» Records provided:
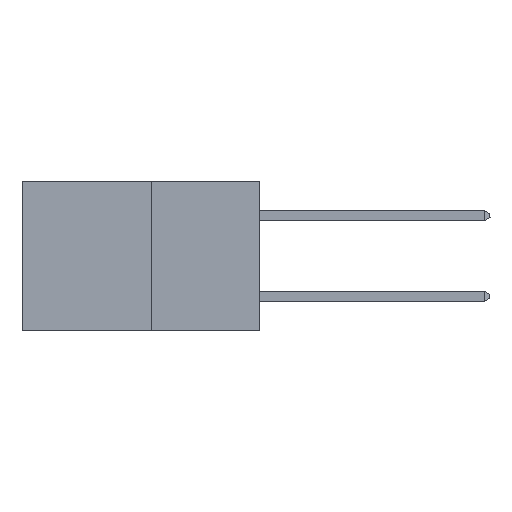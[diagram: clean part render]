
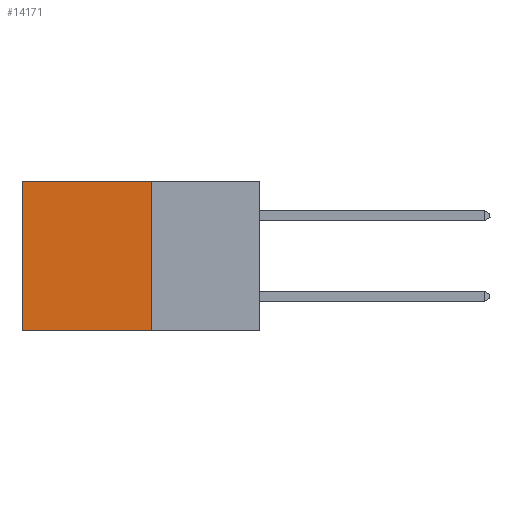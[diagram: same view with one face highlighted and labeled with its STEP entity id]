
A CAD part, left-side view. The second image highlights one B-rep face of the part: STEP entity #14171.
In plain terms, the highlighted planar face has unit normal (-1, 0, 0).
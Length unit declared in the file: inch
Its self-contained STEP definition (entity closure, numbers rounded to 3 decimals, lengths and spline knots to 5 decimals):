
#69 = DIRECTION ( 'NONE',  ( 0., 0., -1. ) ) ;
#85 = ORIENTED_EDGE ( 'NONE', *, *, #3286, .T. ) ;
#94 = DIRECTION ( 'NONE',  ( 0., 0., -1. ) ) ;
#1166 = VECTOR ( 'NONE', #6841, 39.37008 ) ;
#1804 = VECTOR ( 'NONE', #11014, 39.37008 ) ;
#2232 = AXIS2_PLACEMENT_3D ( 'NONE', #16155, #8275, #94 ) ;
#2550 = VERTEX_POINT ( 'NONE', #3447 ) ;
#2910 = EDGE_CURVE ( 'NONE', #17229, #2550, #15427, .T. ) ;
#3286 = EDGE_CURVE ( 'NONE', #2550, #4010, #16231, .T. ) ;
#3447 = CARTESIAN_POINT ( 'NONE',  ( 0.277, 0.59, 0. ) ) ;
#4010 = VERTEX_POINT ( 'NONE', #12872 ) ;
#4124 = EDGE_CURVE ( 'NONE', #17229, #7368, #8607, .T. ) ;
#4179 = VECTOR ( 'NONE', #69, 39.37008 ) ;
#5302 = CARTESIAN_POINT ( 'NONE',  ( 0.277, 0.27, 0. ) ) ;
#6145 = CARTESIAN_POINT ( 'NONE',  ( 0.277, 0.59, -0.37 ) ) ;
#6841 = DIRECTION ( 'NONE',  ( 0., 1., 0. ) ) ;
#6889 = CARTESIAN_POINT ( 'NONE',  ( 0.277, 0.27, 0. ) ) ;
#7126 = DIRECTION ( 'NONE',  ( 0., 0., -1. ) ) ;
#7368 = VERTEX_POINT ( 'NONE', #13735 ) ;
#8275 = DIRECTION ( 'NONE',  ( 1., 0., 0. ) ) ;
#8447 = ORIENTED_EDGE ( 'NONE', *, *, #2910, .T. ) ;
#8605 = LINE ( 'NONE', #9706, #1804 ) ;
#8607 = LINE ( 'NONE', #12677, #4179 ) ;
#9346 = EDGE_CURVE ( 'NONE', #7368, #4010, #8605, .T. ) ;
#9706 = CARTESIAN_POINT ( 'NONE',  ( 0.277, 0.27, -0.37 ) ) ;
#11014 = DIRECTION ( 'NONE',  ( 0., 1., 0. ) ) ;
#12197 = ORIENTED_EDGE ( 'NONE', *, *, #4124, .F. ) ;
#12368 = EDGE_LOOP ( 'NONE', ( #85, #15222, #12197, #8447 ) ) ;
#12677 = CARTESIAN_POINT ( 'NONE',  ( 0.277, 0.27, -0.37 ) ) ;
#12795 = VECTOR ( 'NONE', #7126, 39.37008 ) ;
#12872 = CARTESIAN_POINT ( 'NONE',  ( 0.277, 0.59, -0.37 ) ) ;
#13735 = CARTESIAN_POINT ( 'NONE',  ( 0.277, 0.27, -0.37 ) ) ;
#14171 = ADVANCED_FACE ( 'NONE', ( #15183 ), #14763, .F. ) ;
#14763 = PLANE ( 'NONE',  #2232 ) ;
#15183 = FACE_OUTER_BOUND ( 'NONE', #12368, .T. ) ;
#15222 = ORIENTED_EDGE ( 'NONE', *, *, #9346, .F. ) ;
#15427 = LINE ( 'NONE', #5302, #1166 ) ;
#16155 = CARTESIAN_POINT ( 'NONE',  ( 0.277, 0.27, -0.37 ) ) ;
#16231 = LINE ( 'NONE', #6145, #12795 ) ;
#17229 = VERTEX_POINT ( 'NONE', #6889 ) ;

» Problem to solve: Please transcribe, word for word, every line from the first line of the records above through the line containing "#12197 = ORIENTED_EDGE", and leave out any pictures.

» Task solution:
[diagram: clean part render]
[diagram: same view with one face highlighted and labeled with its STEP entity id]
A CAD part, left-side view. The second image highlights one B-rep face of the part: STEP entity #14171.
In plain terms, the highlighted planar face has unit normal (-1, 0, 0).
Length unit declared in the file: inch
Its self-contained STEP definition (entity closure, numbers rounded to 3 decimals, lengths and spline knots to 5 decimals):
#69 = DIRECTION ( 'NONE',  ( 0., 0., -1. ) ) ;
#85 = ORIENTED_EDGE ( 'NONE', *, *, #3286, .T. ) ;
#94 = DIRECTION ( 'NONE',  ( 0., 0., -1. ) ) ;
#1166 = VECTOR ( 'NONE', #6841, 39.37008 ) ;
#1804 = VECTOR ( 'NONE', #11014, 39.37008 ) ;
#2232 = AXIS2_PLACEMENT_3D ( 'NONE', #16155, #8275, #94 ) ;
#2550 = VERTEX_POINT ( 'NONE', #3447 ) ;
#2910 = EDGE_CURVE ( 'NONE', #17229, #2550, #15427, .T. ) ;
#3286 = EDGE_CURVE ( 'NONE', #2550, #4010, #16231, .T. ) ;
#3447 = CARTESIAN_POINT ( 'NONE',  ( 0.277, 0.59, 0. ) ) ;
#4010 = VERTEX_POINT ( 'NONE', #12872 ) ;
#4124 = EDGE_CURVE ( 'NONE', #17229, #7368, #8607, .T. ) ;
#4179 = VECTOR ( 'NONE', #69, 39.37008 ) ;
#5302 = CARTESIAN_POINT ( 'NONE',  ( 0.277, 0.27, 0. ) ) ;
#6145 = CARTESIAN_POINT ( 'NONE',  ( 0.277, 0.59, -0.37 ) ) ;
#6841 = DIRECTION ( 'NONE',  ( 0., 1., 0. ) ) ;
#6889 = CARTESIAN_POINT ( 'NONE',  ( 0.277, 0.27, 0. ) ) ;
#7126 = DIRECTION ( 'NONE',  ( 0., 0., -1. ) ) ;
#7368 = VERTEX_POINT ( 'NONE', #13735 ) ;
#8275 = DIRECTION ( 'NONE',  ( 1., 0., 0. ) ) ;
#8447 = ORIENTED_EDGE ( 'NONE', *, *, #2910, .T. ) ;
#8605 = LINE ( 'NONE', #9706, #1804 ) ;
#8607 = LINE ( 'NONE', #12677, #4179 ) ;
#9346 = EDGE_CURVE ( 'NONE', #7368, #4010, #8605, .T. ) ;
#9706 = CARTESIAN_POINT ( 'NONE',  ( 0.277, 0.27, -0.37 ) ) ;
#11014 = DIRECTION ( 'NONE',  ( 0., 1., 0. ) ) ;
#12197 = ORIENTED_EDGE ( 'NONE', *, *, #4124, .F. ) ;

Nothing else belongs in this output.